I was so angry when I was about to perform, that I actually blanked. It was worse than one of those nightmares where you go to school only to discover that you forgot your pants. I FORGOT THE WORDS. So I picked a random lyric from the song and sang it. And then I felt my face heat up tremendously, and I was certain of the shade of crimson my face would have been. So I turned around to face the band and told them to stop. I asked Patrick, "What's the lyric to start??" And he shrugged, un-phased. I told him I wanted to run out and just quit the song. I came THAT close to running out crying in front of everyone. 

And so finally when the band stopped playing, I asked Alex (who wrote the song) what the first words were. He calmly told them to me. Four times. And the band began to play. I sung it all, and I somewhat redeemed myself (I hope). It was a horrific experience that I hope I'll never re-live. I'm supposed to be good at what I do. I'm not supposed to let my emotions get the best of me. 

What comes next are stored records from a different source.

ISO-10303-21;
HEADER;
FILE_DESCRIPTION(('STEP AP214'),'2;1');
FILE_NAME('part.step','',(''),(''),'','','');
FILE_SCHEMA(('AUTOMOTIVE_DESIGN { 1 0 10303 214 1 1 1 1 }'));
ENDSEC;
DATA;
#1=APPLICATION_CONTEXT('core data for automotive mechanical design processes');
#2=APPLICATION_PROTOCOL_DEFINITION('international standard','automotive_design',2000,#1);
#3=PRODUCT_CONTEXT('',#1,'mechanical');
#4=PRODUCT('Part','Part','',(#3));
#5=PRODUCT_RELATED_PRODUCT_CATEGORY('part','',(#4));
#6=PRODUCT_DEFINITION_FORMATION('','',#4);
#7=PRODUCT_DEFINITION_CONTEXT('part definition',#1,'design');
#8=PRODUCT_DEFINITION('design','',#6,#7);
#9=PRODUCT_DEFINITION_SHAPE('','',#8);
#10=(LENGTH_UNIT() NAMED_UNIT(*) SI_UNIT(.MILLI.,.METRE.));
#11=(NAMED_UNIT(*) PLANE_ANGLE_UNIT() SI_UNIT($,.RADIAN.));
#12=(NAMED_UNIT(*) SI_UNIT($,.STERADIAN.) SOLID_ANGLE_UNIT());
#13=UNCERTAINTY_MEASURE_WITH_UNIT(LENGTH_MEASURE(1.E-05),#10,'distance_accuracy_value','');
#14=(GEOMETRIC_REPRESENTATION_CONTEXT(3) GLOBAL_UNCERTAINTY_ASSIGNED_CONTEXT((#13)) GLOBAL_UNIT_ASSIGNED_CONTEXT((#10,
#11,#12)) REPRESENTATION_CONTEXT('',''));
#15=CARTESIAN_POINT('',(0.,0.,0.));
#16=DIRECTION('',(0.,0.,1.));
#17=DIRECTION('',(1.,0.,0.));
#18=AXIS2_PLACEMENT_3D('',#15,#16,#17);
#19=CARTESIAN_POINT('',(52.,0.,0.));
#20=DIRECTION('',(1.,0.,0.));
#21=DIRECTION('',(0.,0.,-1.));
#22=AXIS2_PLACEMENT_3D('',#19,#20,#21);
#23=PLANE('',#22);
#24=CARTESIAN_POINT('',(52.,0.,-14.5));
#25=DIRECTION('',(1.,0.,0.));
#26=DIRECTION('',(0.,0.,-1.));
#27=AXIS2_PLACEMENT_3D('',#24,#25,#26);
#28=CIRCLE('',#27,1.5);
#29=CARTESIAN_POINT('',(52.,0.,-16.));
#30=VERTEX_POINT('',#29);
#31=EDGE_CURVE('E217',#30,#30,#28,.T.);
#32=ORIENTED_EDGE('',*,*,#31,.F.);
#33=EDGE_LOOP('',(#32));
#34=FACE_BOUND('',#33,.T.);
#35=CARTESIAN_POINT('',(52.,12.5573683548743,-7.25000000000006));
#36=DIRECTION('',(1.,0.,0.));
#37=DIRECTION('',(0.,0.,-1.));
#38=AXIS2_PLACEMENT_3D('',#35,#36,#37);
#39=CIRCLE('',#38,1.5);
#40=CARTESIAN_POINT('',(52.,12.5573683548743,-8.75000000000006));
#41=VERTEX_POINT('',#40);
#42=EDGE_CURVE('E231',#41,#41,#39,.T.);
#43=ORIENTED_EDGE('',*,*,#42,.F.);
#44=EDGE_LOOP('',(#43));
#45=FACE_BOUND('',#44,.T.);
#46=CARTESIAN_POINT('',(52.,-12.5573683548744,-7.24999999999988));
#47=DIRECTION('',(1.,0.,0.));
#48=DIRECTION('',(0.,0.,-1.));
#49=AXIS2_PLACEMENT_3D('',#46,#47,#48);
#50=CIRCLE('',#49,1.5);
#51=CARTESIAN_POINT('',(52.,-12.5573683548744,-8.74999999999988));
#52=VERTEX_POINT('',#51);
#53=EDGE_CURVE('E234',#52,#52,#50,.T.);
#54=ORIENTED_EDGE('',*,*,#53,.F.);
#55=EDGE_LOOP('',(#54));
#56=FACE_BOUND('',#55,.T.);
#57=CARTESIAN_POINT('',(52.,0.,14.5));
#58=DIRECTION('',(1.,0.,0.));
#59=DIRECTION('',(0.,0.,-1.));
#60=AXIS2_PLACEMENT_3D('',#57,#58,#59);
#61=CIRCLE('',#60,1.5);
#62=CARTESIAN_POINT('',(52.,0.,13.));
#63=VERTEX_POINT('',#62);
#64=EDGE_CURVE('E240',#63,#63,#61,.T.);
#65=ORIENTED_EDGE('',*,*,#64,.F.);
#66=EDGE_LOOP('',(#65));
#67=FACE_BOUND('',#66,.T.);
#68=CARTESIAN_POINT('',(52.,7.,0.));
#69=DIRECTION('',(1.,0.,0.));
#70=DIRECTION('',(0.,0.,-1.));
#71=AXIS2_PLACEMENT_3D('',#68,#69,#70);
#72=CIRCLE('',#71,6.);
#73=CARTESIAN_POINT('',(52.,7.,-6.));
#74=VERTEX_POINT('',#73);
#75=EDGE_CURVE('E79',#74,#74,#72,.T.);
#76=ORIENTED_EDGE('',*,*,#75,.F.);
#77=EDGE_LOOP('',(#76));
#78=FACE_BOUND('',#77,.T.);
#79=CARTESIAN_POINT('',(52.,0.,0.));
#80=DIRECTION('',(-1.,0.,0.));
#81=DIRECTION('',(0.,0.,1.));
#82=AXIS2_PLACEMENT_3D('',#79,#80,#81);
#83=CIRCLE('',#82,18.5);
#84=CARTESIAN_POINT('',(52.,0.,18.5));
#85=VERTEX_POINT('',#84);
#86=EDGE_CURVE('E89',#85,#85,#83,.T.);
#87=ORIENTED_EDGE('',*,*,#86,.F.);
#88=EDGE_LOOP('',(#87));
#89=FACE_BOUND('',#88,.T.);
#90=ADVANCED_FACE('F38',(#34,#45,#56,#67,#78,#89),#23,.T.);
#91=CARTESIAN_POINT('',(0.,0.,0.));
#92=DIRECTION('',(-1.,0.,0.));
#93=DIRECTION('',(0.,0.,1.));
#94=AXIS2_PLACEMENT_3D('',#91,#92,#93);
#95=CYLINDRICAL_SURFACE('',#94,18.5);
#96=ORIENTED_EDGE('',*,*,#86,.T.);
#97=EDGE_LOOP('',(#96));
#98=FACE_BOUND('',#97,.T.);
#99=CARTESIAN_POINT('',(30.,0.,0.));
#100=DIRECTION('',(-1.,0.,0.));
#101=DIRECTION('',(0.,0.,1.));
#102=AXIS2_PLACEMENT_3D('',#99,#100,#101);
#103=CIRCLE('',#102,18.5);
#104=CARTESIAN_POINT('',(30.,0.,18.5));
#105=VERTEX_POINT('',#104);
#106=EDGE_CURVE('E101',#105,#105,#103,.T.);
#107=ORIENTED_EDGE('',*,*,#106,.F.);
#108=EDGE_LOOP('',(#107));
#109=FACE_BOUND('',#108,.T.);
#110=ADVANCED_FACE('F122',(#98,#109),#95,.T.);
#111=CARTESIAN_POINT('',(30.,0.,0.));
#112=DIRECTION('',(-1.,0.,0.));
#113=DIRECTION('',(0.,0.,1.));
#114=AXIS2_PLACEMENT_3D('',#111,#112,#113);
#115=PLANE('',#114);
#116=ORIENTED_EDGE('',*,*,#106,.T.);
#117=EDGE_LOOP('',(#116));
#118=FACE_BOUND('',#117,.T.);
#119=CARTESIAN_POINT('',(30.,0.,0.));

I hope I don't turn out to be one of those performers who read their lyrics like karaoke from a little screen on the stage (Axl Rose...), or WORSE, I hope I won't pull an Ashlee Simpson. 

Please oh please, God of music (it's one of those Greek gods whose name starts with an "A"), don't let me screw up when I'm all on my own. Don't let it happen again.

And so I hated Arts Jam yesterday. That is all.